No special handling is needed — geometry is always correct. Use the flag for quality control,
statistics, or debugging.

### Recommendations

Start with `reverse_tolerance=0`. If stationary-ish vehicles jump around, either pre-filter or
try e.g. `reverse_tolerance=20`.

## Routing Modes: SHORTEST vs FASTEST

Both modes balance the emission probability against the transition probability. The emission
probability is how likely a candidate is the right edge given its distance from the GPS point —
closer is higher. Tune it with `gps_error`: larger keeps emission high even for distant points.

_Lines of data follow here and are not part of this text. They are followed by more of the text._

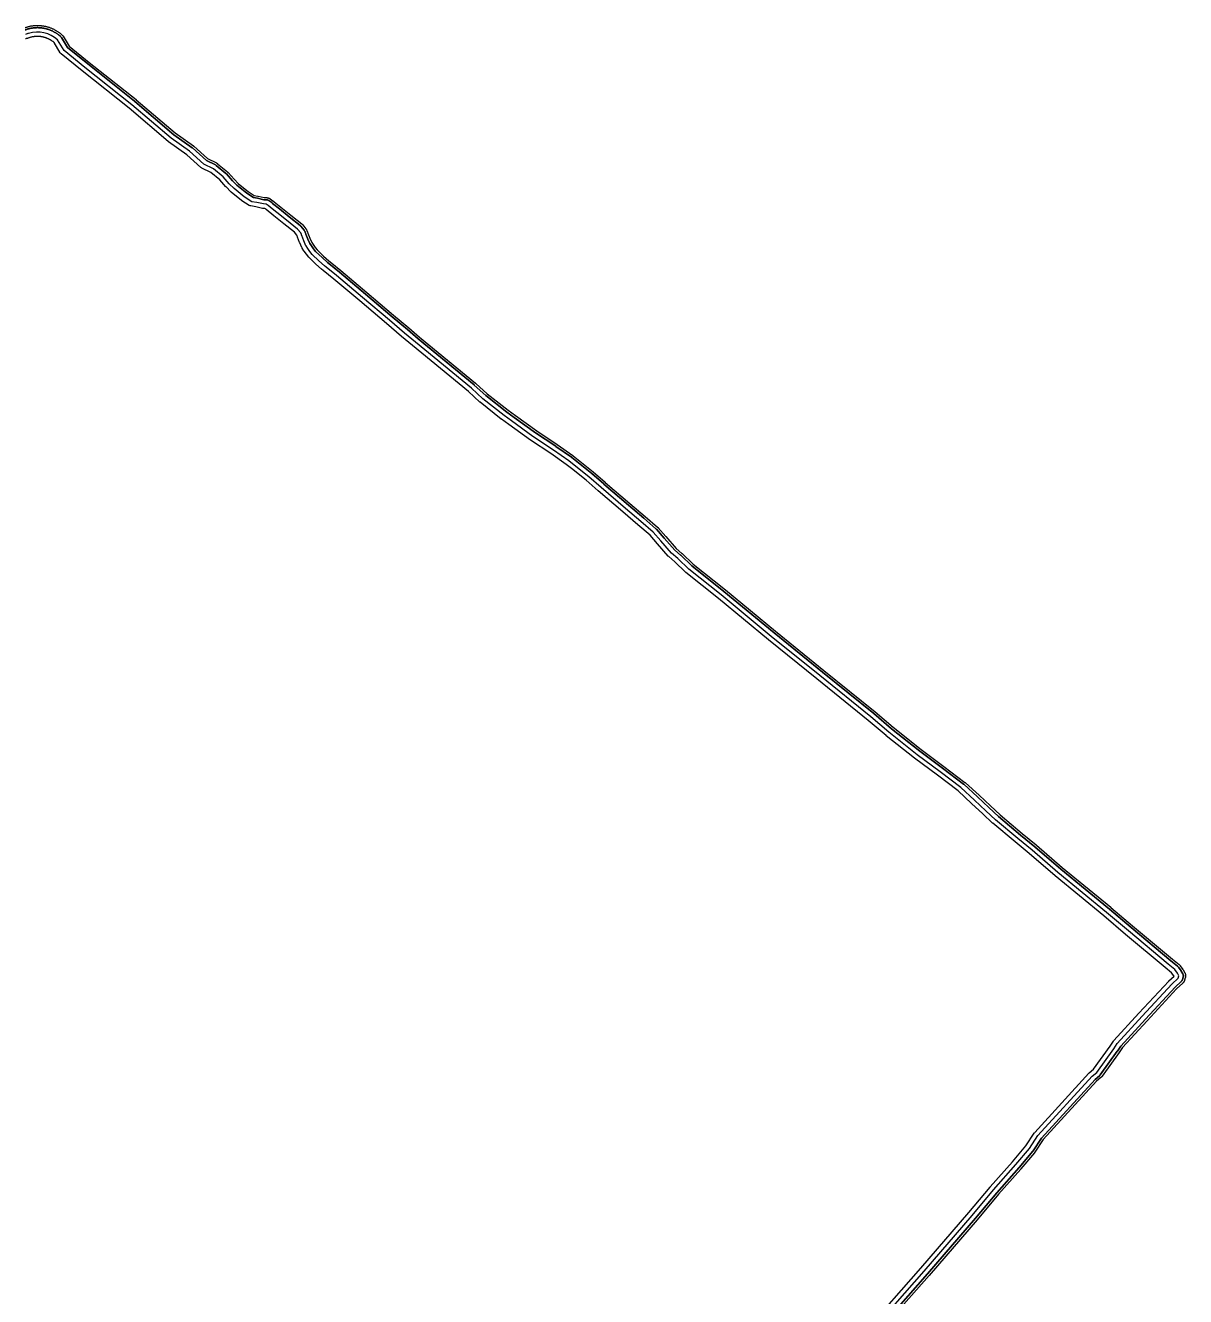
# Model space of a CAD drawing. Header units: inches. Extents: x 87993 to 113012, y 435073 to 454214.
# Drawn here: x 107211 to 108260, y 441692 to 442840 of the extents above; entities that cross this region are included whole.
import ezdxf

# ---------------------------------------------------------------- set-up
doc = ezdxf.new("R2010")
doc.units = ezdxf.units.IN
doc.header["$MEASUREMENT"] = 0
for name, color, linetype, true_color in [('As_waterkering_PLSA', 7, 'Continuous', 0x58e833), ('Beschermingszone_PLSA', 7, 'Continuous', 0xa8e862), ('Kernzone_PLSA', 7, 'Continuous', 0x4ce81c)]:
    doc.layers.add(name, color=color, linetype=linetype, true_color=true_color)

msp = doc.modelspace()

# ---------------------------------------------------------------- linework, layer by layer
at = {"layer": 'As_waterkering_PLSA'}
msp.add_lwpolyline([(107731.4, 442422.7), (107720.5, 442432.2), (107707.2, 442442.8), (107702.4, 442446.6), (107688.4, 442456.5), (107669.9, 442468.8), (107650.5, 442482.8), (107643.8, 442487.6), (107624.7, 442502.8), (107614.3, 442512.3), (107563.6, 442554), (107553.8, 442562.2), (107540.1, 442573.8), (107515.9, 442594.2), (107492.3, 442614.1), (107482.9, 442621.8), (107481.5, 442622.9), (107476.5, 442627.4), (107470.3, 442633.3), (107468.3, 442635.9), (107466.3, 442638.7), (107464.8, 442641), (107464.7, 442641.1), (107462.7, 442645.5), (107460.9, 442650.2), (107460.8, 442650.5), (107460.6, 442651.1), (107460, 442652.6), (107457.1, 442656.2), (107447.2, 442664.1), (107438.3, 442671.2), (107431.1, 442676.9), (107431.4, 442676.8), (107428.9, 442678.6), (107426.3, 442678.8), (107420.2, 442680.1), (107415.7, 442680.9), (107408.9, 442685.2), (107399.8, 442692.7), (107395.3, 442697.1), (107389.8, 442703.3), (107381.1, 442710.6), (107372.4, 442714.9), (107359.5, 442726.4), (107342.9, 442738.3), (107307.4, 442768.4), (107264.9, 442802.2), (107246.2, 442817.5), (107240.3, 442827.2, 0.260178), (107214.1, 442833, -0.04113), (107211.2, 442832.1)], format="xyb", dxfattribs=at)
for points in [[(108253.8, 441981.3), (108252.4, 441983.7), (108250.1, 441987), (108244, 441991.9), (108208.1, 442021.9), (108188.4, 442038.6), (108144.4, 442074.7), (108121, 442095), (108108.1, 442105.4), (108088.1, 442122.3), (108079.3, 442130.6), (108069.1, 442140.2), (108056.7, 442151.4), (108037.8, 442165.8), (108017.2, 442181.2), (107991.6, 442201.4), (107975.4, 442215.3), (107929.1, 442252.7), (107885.3, 442288.1), (107840, 442325.5), (107810.7, 442348.9), (107800.8, 442358.5), (107795.2, 442363.2), (107785.6, 442374.3), (107778.5, 442382.3), (107767.4, 442391.8), (107753.6, 442403.6), (107731.4, 442422.7)], [(107973.3, 441657.4), (108023.6, 441714.6), (108067, 441764.9), (108086.2, 441787.9), (108106.3, 441810.8), (108118.6, 441825.4), (108126.3, 441837.1), (108175.2, 441890.7), (108179.5, 441894.1), (108194.8, 441915.5), (108197.9, 441920.2), (108220.5, 441944.9), (108247.4, 441973.8), (108253.1, 441979.1), (108253.8, 441981.3)]]:
    msp.add_lwpolyline(points, dxfattribs=at)
at = {"layer": 'Beschermingszone_PLSA'}
for points in [[(107210.9, 442838.3), (107211.2, 442838.3), (107211.4, 442838.4), (107211.7, 442838.5), (107212, 442838.6), (107212, 442838.6), (107212.3, 442838.7), (107212.4, 442838.7), (107212.9, 442838.9), (107213.4, 442839), (107214, 442839.2), (107214.5, 442839.3), (107215.1, 442839.4), (107215.6, 442839.5), (107216.2, 442839.7), (107216.8, 442839.7), (107217.3, 442839.8), (107217.9, 442839.9), (107218.5, 442840), (107219, 442840), (107219.6, 442840.1), (107220.2, 442840.1), (107220.7, 442840.1), (107221.3, 442840.1), (107221.9, 442840.2), (107222.4, 442840.2), (107223, 442840.1), (107223.6, 442840.1), (107224.1, 442840.1), (107224.7, 442840), (107225.3, 442840), (107225.8, 442839.9), (107226.4, 442839.9), (107227, 442839.8), (107227.5, 442839.7), (107228.1, 442839.6), (107228.1, 442839.6), (107228.7, 442839.5), (107229.2, 442839.4), (107229.8, 442839.2), (107230.3, 442839.1), (107230.9, 442839), (107231.4, 442838.8), (107232, 442838.6), (107232.5, 442838.5), (107233, 442838.3), (107233.6, 442838.1), (107234.1, 442837.9), (107234.6, 442837.7), (107235.2, 442837.5), (107235.7, 442837.2), (107236.2, 442837), (107236.7, 442836.8), (107237.2, 442836.5), (107237.7, 442836.2), (107238.2, 442836), (107238.7, 442835.7), (107239.2, 442835.4), (107239.7, 442835.1), (107240.2, 442834.8), (107240.7, 442834.5), (107241.1, 442834.2), (107241.6, 442833.8), (107242.1, 442833.5), (107242.5, 442833.2), (107243, 442832.8), (107243.4, 442832.4), (107243.8, 442832.1), (107244.2, 442831.7), (107244.3, 442831.6), (107244.8, 442831.2), (107244.9, 442831.1), (107245, 442830.9), (107245.3, 442830.4), (107245.4, 442830.3), (107250.8, 442821.5), (107268.7, 442806.8), (107311.2, 442773.1), (107311.3, 442773), (107346.6, 442743), (107363, 442731.3), (107363, 442731.2), (107363.3, 442731), (107363.3, 442731), (107363.5, 442730.9), (107375.8, 442719.9), (107383.8, 442716), (107383.8, 442716), (107384, 442715.8), (107384.1, 442715.8), (107384.2, 442715.7), (107384.8, 442715.3), (107384.9, 442715.2), (107393.7, 442707.9), (107393.8, 442707.8), (107394.2, 442707.4), (107394.4, 442707.3), (107399.7, 442701.2), (107403.8, 442697.1), (107412.4, 442690.1), (107417.9, 442686.6), (107421.3, 442686), (107421.4, 442685.9), (107427.1, 442684.7), (107429.3, 442684.6), (107429.3, 442684.6), (107429.5, 442684.6), (107429.6, 442684.6), (107429.8, 442684.5), (107429.8, 442684.5), (107430, 442684.5), (107430.1, 442684.5), (107430.3, 442684.5), (107430.4, 442684.4), (107430.5, 442684.4), (107430.6, 442684.4), (107430.8, 442684.3), (107430.9, 442684.3), (107431, 442684.2), (107431.1, 442684.2), (107431.3, 442684.1), (107431.3, 442684.1), (107431.5, 442684), (107431.6, 442684), (107431.7, 442683.9), (107431.8, 442683.9), (107432, 442683.8), (107432, 442683.7), (107432.2, 442683.7), (107432.3, 442683.6), (107432.4, 442683.5), (107432.4, 442683.5), (107434.9, 442681.7), (107435.1, 442681.6), (107435.1, 442681.5), (107435.3, 442681.4), (107435.3, 442681.4), (107435.4, 442681.3), (107435.5, 442681.2), (107435.6, 442681.1), (107435.7, 442681.1), (107435.8, 442680.9), (107435.9, 442680.9), (107436, 442680.7), (107436, 442680.7), (107436.1, 442680.6), (107442, 442675.9), (107451, 442668.8), (107460.9, 442660.9), (107461, 442660.8), (107461, 442660.8), (107461.2, 442660.7), (107461.2, 442660.6), (107461.3, 442660.5), (107461.4, 442660.5), (107461.5, 442660.4), (107461.5, 442660.3), (107461.6, 442660.2), (107461.7, 442660.1), (107461.8, 442660), (107464.7, 442656.4), (107464.8, 442656.2), (107465.1, 442655.8), (107465.2, 442655.6), (107465.3, 442655.5), (107465.5, 442654.9), (107465.6, 442654.8), (107466.2, 442653.2), (107466.4, 442652.6), (107466.5, 442652.3), (107468.2, 442647.8), (107470, 442644), (107471.2, 442642.1), (107473.1, 442639.6), (107474.8, 442637.3), (107480.6, 442631.8), (107485.4, 442627.5), (107486.6, 442626.4), (107496.1, 442618.7), (107496.2, 442618.7), (107519.7, 442598.8), (107544, 442578.3), (107557.7, 442566.8), (107567.4, 442558.6), (107618.1, 442516.9), (107618.1, 442516.9), (107618.3, 442516.7), (107618.3, 442516.7), (107628.6, 442507.3), (107647.4, 442492.4), (107654, 442487.7), (107673.3, 442473.7), (107691.7, 442461.5), (107691.8, 442461.4), (107705.9, 442451.5), (107705.9, 442451.5), (107706.1, 442451.3), (107706.2, 442451.3), (107710.9, 442447.5), (107724.2, 442436.9), (107724.3, 442436.8), (107724.4, 442436.8), (107735.3, 442427.3), (107735.3, 442427.2), (107757.5, 442408.2), (107771.3, 442396.4), (107782.4, 442386.9), (107782.5, 442386.8), (107783, 442386.4), (107783.1, 442386.3), (107790.1, 442378.2), (107799.4, 442367.5), (107804.6, 442363.1), (107804.7, 442363.1), (107804.9, 442362.9), (107804.9, 442362.9), (107814.7, 442353.4), (107843.8, 442330.2), (107889.1, 442292.8), (107932.9, 442257.4), (107979.1, 442220), (107979.2, 442219.9), (107995.4, 442206.1), (108020.9, 442186), (108041.4, 442170.6), (108060.3, 442156.2), (108060.3, 442156.2), (108060.5, 442156.1), (108060.5, 442156), (108060.7, 442155.9), (108073.1, 442144.6), (108083.4, 442135), (108092.1, 442126.7), (108112, 442110.1), (108124.8, 442099.6), (108124.9, 442099.5), (108148.3, 442079.2), (108192.3, 442043.3), (108192.3, 442043.2), (108211.9, 442026.4), (108247.8, 441996.5), (108253.9, 441991.6), (108254, 441991.5), (108254.5, 441991), (108254.6, 441990.8), (108254.7, 441990.8), (108254.9, 441990.6), (108254.9, 441990.5), (108257.3, 441987.2), (108257.4, 441987.1), (108257.6, 441986.7), (108257.7, 441986.7), (108259, 441984.2), (108259, 441984.2), (108259.1, 441984), (108259.2, 441984), (108259.2, 441983.8), (108259.3, 441983.7), (108259.3, 441983.6), (108259.4, 441983.5), (108259.4, 441983.3), (108259.5, 441983.2), (108259.5, 441983.1), (108259.5, 441983), (108259.6, 441982.8), (108259.6, 441982.7), (108259.6, 441982.5), (108259.7, 441982.5), (108259.7, 441982.3), (108259.7, 441982.2), (108259.7, 441982), (108259.7, 441981.9), (108259.7, 441981.8), (108259.8, 441981.7), (108259.8, 441981.5), (108259.8, 441981.4), (108259.8, 441981.2), (108259.8, 441981.1), (108259.8, 441981), (108259.7, 441980.9), (108259.7, 441980.7), (108259.7, 441980.6), (108259.7, 441980.4), (108259.7, 441980.4), (108259.7, 441980.2), (108259.6, 441980.1), (108259.6, 441979.9), (108259.6, 441979.8), (108259.5, 441979.7), (108259.5, 441979.6), (108258.9, 441977.5), (108258.9, 441977.4), (108258.8, 441977.2), (108258.8, 441977.2), (108258.7, 441977), (108258.7, 441976.9), (108258.6, 441976.7), (108258.6, 441976.7), (108258.5, 441976.5), (108258.5, 441976.4), (108258.4, 441976.3), (108258.4, 441976.2), (108258.3, 441976), (108258.2, 441976), (108258.1, 441975.8), (108258.1, 441975.7), (108258, 441975.6), (108257.9, 441975.5), (108257.8, 441975.4), (108257.8, 441975.3), (108257.6, 441975.2), (108257.6, 441975.1), (108257.4, 441975), (108257.4, 441974.9), (108257.3, 441974.8), (108257.2, 441974.8), (108251.7, 441969.6), (108224.9, 441940.8), (108202.7, 441916.5), (108199.7, 441912.1), (108199.7, 441912), (108184.3, 441890.6), (108184.2, 441890.5), (108184.2, 441890.4), (108184.1, 441890.3), (108184, 441890.2), (108183.9, 441890.1), (108183.9, 441890), (108183.8, 441889.9), (108183.7, 441889.9), (108183.6, 441889.8), (108183.5, 441889.7), (108183.4, 441889.6), (108183.4, 441889.6), (108183.2, 441889.4), (108179.3, 441886.3), (108131.1, 441833.4), (108123.6, 441822.1), (108123.5, 441822), (108123.2, 441821.6), (108123.2, 441821.5), (108110.9, 441806.9), (108110.8, 441806.8), (108090.7, 441784), (108071.5, 441761), (108028.1, 441710.6), (107977.8, 441653.5)], [(107976.3, 441654.8), (108026.6, 441712), (108070, 441762.3), (108089.2, 441785.3), (108109.3, 441808.1), (108109.4, 441808.2), (108121.6, 441822.8), (108121.9, 441823.2), (108129.5, 441834.7), (108177.9, 441887.7), (108182, 441891), (108182.1, 441891.1), (108182.2, 441891.2), (108182.3, 441891.3), (108182.4, 441891.4), (108182.5, 441891.5), (108182.6, 441891.7), (108182.7, 441891.8), (108198, 441913.2), (108198.1, 441913.2), (108201.1, 441917.7), (108223.4, 441942.2), (108250.2, 441971), (108255.9, 441976.2), (108256, 441976.3), (108256.1, 441976.5), (108256.2, 441976.6), (108256.3, 441976.8), (108256.4, 441976.9), (108256.5, 441977), (108256.6, 441977.2), (108256.7, 441977.4), (108256.8, 441977.5), (108256.9, 441977.7), (108256.9, 441977.8), (108257, 441978), (108257.6, 441980.2), (108257.6, 441980.2), (108257.6, 441980.4), (108257.7, 441980.5), (108257.7, 441980.7), (108257.7, 441980.9), (108257.8, 441981.1), (108257.8, 441981.2), (108257.8, 441981.4), (108257.8, 441981.6), (108257.7, 441981.8), (108257.7, 441981.9), (108257.7, 441982.1), (108257.6, 441982.3), (108257.6, 441982.4), (108257.5, 441982.6), (108257.5, 441982.8), (108257.4, 441982.9), (108257.3, 441983.1), (108257.3, 441983.3), (108255.9, 441985.7), (108255.7, 441986), (108253.3, 441989.3), (108253.1, 441989.5), (108252.6, 441990.1), (108246.5, 441995), (108210.6, 442024.9), (108191, 442041.7), (108191, 442041.7), (108147, 442077.7), (108123.6, 442098), (108123.5, 442098), (108110.7, 442108.5), (108090.7, 442125.3), (108082, 442133.5), (108071.8, 442143.1), (108059.4, 442154.4), (108059.2, 442154.5), (108059.1, 442154.6), (108040.2, 442169), (108019.7, 442184.4), (107994.1, 442204.5), (107977.9, 442218.4), (107977.9, 442218.4), (107931.7, 442255.8), (107887.8, 442291.2), (107842.5, 442328.6), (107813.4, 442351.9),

### SHORTEST Mode (distance-based)

The default. Routes on distance, matching by spatial proximity. Transition probability:

```
tp = min(euclidean_dist, path_dist) / max(euclidean_dist, path_dist)
```

Higher when the network path closely follows the straight-line GPS distance. If routes stick to
the nearest edge regardless of feasibility, your `gps_error` is probably too large (and vice
versa).

### FASTEST Mode (time-based)

Routes on travel time; requires `speed` on all edges. Transition probability:

```
expected_time = euclidean_dist / reference_speed
actual_time   = sum(segment_length / segment_speed)
tp = min(expected_time, actual_time) / max(expected_time, actual_time)
```

Higher when travel time matches or beats the expected time (euclidean distance ÷ reference
speed). If routes stick to the nearest edge, decrease `gps_error` or the reference speed.

## Developing

Run the tests:

```bash
pytest .
```

Build and install from source (needs Boost and a C++17 compiler; OpenMP for parallel UBODT
generation):

```bash
pip install -e . --no-build-isolation
```

Type stubs (`.pyi`) for the compiled extensions are hand-maintained under `python/fastmm/` and
`python/routingkit_ch/`; update them by hand when the bindings change (each stub notes this in
its header).

## Roadmap / Known Limitations

- A failed GPS point (too far, etc.) is excluded from the match rather than emitted as a
  zero-length segment with an error code.
- If a path isn't found in the UBODT, fall back to a plain Dijkstra lookup instead of bailing.
- `max_distance_between_candidates` may not be a hard limit in the UBODT — needs verification and
  possibly an extra check.
- The contraction-hierarchy bindings currently expose point-to-point queries; many-to-many
  (`pin_targets`) and RoutingKit's native save/load format are not yet exposed.

## Third-Party Licenses

This package vendors source from the following projects under `third_party/`:

- **[RoutingKit](https://github.com/RoutingKit/RoutingKit)** — BSD-3-Clause. Source under
  `third_party/routingkit/` with the original `LICENSE` preserved and shipped inside the wheel
  (`routingkit_ch/LICENSE.RoutingKit`). Compiled into the `routingkit_ch._native` extension.
- **[spdlog](https://github.com/gabime/spdlog)** — MIT. Headers under `third_party/spdlog/`;
  used for logging in the C++ core.
- **[FiboHeap](https://github.com/beniz/fiboheap)** — **LGPL-3.0**. Header-only, under
  `third_party/fiboheap/` with its `LICENSE` preserved; used in the routing core. Note the LGPL
  terms when redistributing.

See each project's directory under `third_party/` for the full license text.